Below is a simple template, in python code, for the problem raised in your Question; although it's a template it runs--supply any text as a string (as i've done) and it will return a list of word frequencies as well as a ranked list of those words in order of 'importance' (or suitability as keywords) according to a very simple heuristic.
Keywords for a given document are (obviously) chosen from among important words in a document--ie, those words that are likely to distinguish it from another document.
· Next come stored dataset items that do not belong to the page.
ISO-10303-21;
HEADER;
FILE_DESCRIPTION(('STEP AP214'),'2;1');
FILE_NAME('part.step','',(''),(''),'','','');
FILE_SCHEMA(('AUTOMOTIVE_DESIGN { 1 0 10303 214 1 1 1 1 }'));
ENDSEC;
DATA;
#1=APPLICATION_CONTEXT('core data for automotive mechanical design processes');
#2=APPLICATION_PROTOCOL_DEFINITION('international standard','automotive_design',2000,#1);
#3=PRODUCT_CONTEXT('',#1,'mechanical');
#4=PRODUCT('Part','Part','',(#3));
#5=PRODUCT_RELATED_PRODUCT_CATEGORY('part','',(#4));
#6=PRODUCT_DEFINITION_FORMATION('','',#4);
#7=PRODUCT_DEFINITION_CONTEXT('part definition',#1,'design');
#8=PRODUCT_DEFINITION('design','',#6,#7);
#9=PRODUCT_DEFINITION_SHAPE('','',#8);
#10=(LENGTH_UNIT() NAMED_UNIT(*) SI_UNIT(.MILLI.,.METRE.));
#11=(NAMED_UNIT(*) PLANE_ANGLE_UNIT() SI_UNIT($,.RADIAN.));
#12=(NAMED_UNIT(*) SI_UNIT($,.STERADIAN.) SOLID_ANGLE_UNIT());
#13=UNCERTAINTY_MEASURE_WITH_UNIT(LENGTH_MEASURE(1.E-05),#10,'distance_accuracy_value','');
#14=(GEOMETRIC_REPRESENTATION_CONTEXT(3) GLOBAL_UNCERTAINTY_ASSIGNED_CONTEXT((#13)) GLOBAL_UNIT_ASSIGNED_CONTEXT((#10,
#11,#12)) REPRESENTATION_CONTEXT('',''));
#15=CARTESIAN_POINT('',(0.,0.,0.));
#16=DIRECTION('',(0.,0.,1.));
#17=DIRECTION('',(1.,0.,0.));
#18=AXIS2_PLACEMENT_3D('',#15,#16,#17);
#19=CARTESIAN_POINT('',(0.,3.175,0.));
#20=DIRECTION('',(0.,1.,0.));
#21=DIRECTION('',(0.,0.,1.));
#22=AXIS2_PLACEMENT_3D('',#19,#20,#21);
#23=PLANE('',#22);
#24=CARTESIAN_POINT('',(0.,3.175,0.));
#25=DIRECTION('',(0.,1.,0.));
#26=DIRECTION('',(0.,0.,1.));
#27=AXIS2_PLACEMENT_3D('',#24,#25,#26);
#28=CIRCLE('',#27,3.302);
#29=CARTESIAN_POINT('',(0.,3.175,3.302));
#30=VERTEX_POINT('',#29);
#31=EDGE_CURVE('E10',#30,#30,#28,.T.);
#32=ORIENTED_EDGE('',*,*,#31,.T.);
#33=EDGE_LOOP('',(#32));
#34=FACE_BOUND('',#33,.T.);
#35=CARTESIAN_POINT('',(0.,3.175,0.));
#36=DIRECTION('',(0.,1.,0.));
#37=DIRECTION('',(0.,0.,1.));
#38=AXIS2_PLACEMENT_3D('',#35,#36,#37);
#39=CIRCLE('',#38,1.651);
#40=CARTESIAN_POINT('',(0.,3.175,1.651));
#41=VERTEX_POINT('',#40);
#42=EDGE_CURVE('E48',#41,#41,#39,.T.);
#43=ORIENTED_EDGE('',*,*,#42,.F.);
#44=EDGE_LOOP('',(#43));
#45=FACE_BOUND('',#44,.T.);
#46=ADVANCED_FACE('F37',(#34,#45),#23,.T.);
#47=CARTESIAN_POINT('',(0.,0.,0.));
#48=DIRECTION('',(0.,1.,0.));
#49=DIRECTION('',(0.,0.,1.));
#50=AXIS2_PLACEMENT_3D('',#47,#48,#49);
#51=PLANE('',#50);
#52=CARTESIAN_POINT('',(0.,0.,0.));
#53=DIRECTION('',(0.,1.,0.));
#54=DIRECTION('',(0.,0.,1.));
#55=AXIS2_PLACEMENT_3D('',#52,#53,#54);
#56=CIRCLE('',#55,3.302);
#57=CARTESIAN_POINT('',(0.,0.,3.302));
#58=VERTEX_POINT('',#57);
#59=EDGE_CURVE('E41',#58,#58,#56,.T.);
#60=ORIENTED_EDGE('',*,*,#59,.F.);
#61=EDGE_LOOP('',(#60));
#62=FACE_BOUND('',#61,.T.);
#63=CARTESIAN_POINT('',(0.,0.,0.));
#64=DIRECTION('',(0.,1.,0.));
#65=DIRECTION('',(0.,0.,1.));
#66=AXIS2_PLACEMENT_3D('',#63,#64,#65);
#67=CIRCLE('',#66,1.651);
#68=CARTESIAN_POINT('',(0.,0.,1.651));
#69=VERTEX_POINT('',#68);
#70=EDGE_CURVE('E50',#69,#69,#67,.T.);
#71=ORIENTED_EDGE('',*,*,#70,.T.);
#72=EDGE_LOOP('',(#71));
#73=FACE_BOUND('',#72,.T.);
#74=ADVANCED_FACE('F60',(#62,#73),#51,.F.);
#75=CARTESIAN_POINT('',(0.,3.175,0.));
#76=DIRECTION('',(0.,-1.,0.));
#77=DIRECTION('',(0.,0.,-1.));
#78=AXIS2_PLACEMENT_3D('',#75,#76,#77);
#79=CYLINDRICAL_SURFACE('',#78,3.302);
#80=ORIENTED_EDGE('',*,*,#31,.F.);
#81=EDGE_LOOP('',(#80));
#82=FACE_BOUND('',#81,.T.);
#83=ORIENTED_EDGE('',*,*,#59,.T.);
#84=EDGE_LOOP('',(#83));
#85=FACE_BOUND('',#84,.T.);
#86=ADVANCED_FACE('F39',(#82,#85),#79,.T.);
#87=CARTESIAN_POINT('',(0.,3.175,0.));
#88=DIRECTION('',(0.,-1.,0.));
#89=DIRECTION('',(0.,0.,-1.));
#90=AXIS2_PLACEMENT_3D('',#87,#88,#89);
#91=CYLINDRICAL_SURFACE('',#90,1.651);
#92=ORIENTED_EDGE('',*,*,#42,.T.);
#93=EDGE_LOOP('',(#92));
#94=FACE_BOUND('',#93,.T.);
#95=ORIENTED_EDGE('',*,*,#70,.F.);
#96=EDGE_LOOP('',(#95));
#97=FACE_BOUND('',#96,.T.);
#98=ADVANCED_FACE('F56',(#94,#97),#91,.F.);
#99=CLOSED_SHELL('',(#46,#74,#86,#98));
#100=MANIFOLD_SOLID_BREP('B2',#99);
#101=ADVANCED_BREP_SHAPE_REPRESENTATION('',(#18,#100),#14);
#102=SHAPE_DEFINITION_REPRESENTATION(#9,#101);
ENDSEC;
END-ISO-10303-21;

If you had no a priori knowledge of the text's subject matter, a common technique is to infer the importance or weight of a given word/term from its frequency, or importance = 1/frequency.
text = """ The intensity of the feeling makes up for the disproportion of the objects. Things are equal to the imagination, which have the power of affecting the mind with an equal degree of terror, admiration, delight, or love. When Lear calls upon the heavens to avenge his cause, "for they are old like him," there is nothing extravagant or impious in this sublime identification of his age with theirs; for there is no other image which could do justice to the agonising sense of his wrongs and his despair! """
BAD_CHARS = ".!?,\'\""
# transform text into a list words--removing punctuation and filtering small words
words = [ word.strip(BAD_CHARS) for word in text.strip().split() if len(word) > 4 ]
word_freq = {}
# generate a 'word histogram' for the text--ie, a list of the frequencies of each word
for word in words :
word_freq[word] = word_freq.get(word, 0) + 1
# sort the word list by frequency
# (just a DSU sort, there's a python built-in for this, but i can't remember it)
tx = [ (v, k) for (k, v) in word_freq.items()]
tx.sort(reverse=True)
word_freq_sorted = [ (k, v) for (v, k) in tx ]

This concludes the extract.